# Erhöhen des B10d bei geringem Risiko ?



## Andreas Koenig (1 Dezember 2009)

Hallo, 

noch mal zum B10/B10d.

Erst mal ein Tip: viele Hersteller geben B10-Werte an nicht den in der ISO 13849 anzusetzenden B10d. Manche Hersteller geben an, mit wie viel % gefährlichen Ausfällen sie rechnen (z.B. Siemens 20-75%), sonst kann man schätzen, dass B10d= 2 * B10 ist. 

Nun dient der B10 Wert bei der Berechnung ja nur als eine Art Vereinfachung, um erst mal einen mittleren Mttfd-Wert zu errechnen, der für die Zeit zwischen Inbetriebnahme und einer B10 entsprechenden Zahl Schaltspiele gilt.

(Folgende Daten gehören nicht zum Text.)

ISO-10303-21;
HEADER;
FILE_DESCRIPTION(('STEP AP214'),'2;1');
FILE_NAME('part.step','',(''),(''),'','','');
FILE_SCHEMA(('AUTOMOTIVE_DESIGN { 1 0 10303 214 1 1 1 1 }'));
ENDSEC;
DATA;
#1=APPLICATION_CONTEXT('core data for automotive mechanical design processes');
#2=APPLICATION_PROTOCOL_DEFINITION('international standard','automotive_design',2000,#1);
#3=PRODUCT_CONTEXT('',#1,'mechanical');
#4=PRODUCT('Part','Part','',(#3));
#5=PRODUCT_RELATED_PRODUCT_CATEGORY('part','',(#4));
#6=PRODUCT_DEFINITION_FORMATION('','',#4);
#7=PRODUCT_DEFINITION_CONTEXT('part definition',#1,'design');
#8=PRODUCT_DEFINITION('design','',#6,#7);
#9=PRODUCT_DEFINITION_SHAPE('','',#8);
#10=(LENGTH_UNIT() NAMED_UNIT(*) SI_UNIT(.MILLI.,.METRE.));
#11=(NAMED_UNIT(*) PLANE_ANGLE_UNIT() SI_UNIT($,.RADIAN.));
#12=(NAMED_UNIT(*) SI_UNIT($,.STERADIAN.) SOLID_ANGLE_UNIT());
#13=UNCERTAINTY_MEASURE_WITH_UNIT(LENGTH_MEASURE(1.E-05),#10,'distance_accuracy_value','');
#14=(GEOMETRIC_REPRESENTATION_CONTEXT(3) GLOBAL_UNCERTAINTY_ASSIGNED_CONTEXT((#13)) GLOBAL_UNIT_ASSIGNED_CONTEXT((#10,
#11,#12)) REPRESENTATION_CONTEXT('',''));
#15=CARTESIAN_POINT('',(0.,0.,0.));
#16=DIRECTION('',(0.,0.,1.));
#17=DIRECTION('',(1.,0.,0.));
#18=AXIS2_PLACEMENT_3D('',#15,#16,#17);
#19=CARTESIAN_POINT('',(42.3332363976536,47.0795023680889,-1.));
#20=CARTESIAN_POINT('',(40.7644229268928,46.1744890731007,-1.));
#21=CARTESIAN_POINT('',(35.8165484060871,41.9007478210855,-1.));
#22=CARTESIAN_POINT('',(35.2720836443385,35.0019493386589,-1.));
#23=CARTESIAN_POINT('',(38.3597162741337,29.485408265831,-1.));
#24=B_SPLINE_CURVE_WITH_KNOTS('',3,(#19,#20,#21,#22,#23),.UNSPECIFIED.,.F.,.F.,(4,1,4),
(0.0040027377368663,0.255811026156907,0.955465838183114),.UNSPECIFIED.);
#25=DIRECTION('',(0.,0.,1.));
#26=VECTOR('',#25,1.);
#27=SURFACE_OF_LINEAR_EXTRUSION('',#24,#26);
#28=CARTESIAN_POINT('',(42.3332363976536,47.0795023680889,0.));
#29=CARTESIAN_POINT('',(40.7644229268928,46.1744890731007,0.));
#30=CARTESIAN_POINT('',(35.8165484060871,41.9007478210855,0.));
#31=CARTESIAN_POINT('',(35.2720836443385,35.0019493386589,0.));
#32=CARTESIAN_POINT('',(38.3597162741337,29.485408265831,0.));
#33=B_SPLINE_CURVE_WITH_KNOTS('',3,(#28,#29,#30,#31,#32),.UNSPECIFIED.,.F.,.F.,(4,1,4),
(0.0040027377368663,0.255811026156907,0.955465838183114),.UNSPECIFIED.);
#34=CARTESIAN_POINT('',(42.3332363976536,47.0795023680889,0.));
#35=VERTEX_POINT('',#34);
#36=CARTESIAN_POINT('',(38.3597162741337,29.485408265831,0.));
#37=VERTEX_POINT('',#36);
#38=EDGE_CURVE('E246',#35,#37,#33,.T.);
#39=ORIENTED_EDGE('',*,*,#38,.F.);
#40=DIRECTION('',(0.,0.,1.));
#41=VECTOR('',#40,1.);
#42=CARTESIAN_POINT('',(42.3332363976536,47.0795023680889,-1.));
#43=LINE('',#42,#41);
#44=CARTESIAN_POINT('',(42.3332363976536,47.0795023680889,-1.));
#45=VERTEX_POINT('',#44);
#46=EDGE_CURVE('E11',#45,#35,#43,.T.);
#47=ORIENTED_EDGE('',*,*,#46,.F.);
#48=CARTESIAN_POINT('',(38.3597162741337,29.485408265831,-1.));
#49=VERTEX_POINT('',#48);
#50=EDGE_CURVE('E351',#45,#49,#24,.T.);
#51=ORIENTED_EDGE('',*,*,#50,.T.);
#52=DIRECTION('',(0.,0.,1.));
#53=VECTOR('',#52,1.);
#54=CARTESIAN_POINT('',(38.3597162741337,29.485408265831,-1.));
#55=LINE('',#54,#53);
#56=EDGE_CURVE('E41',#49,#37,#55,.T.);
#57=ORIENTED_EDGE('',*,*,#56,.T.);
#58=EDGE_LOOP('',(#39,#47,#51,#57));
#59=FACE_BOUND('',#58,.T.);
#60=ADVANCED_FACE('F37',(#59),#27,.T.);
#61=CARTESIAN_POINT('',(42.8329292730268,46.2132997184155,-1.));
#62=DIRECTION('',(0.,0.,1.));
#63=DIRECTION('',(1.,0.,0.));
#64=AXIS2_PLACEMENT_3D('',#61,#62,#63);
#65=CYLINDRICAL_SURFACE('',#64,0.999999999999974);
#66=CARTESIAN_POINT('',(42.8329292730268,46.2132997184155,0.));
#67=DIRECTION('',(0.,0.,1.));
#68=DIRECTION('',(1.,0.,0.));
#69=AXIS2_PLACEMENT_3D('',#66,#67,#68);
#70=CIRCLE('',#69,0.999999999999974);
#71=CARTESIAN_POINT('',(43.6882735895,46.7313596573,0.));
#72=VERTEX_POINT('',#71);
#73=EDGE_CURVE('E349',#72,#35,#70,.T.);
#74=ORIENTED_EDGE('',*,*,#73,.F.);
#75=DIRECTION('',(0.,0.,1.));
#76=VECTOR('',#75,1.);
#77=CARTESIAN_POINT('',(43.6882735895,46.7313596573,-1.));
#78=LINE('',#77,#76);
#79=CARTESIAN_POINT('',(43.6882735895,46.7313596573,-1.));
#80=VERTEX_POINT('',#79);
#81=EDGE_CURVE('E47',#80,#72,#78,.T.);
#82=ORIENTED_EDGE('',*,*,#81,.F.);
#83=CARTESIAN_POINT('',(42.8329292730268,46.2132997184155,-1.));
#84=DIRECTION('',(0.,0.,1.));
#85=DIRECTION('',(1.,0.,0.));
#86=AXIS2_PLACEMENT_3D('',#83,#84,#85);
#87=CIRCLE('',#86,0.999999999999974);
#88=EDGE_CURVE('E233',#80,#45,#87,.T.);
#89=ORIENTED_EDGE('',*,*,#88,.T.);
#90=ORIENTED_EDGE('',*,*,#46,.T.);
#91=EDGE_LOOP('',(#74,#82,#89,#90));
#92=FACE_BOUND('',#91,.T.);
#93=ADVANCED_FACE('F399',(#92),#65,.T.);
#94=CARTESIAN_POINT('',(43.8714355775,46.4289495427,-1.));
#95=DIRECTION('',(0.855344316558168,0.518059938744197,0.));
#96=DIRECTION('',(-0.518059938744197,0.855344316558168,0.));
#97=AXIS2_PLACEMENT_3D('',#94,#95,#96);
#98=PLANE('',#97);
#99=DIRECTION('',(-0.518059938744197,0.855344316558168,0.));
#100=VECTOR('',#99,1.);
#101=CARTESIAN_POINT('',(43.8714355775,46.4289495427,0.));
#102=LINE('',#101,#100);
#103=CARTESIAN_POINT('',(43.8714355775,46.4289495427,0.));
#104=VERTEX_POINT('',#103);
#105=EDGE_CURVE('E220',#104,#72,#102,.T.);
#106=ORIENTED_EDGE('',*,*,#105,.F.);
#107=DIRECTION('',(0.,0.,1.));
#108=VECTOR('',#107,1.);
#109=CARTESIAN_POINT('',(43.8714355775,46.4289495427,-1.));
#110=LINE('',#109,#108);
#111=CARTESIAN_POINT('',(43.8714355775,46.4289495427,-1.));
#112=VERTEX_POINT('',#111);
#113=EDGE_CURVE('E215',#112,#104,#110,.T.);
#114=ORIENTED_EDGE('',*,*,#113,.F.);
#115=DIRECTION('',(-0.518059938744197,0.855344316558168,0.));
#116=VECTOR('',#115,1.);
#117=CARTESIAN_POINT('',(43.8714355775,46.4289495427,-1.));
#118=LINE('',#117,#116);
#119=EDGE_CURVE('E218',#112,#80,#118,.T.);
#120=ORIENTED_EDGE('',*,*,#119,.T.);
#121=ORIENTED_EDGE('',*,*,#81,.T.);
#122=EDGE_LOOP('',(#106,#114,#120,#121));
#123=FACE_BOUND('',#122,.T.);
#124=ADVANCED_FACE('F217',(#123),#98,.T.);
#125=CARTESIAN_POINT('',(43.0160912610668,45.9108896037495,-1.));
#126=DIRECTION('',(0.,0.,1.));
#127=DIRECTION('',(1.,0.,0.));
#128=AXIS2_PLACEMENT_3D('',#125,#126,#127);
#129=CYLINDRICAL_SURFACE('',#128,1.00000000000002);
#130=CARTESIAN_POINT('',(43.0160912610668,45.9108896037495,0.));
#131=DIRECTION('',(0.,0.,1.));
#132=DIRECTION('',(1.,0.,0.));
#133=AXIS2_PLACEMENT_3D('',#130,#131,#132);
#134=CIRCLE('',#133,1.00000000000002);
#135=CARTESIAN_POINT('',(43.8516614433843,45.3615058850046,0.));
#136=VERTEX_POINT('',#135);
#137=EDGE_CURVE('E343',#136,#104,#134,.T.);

Wenn ich jetzt mit diesem Mttfd ein einkanaliges System rechne, ist es noch halbwegs realisitisch.

Wenn ich aber eine Gefährdung absichere, die z.B. nur einen PLr=c erfordert und dabei ein redundantes System nach Kat. 3 einsetze, komme ich je nach Zuverlässigkeit der Komponenten und dem DC im Ergebnis der Berechnung auf einen PL=d oder gar PL=e.

Das heisst also, mein System ist 1-2 Zehnerpotenzen sicherer, als es für PLr=c überhaupt erforderlich ist.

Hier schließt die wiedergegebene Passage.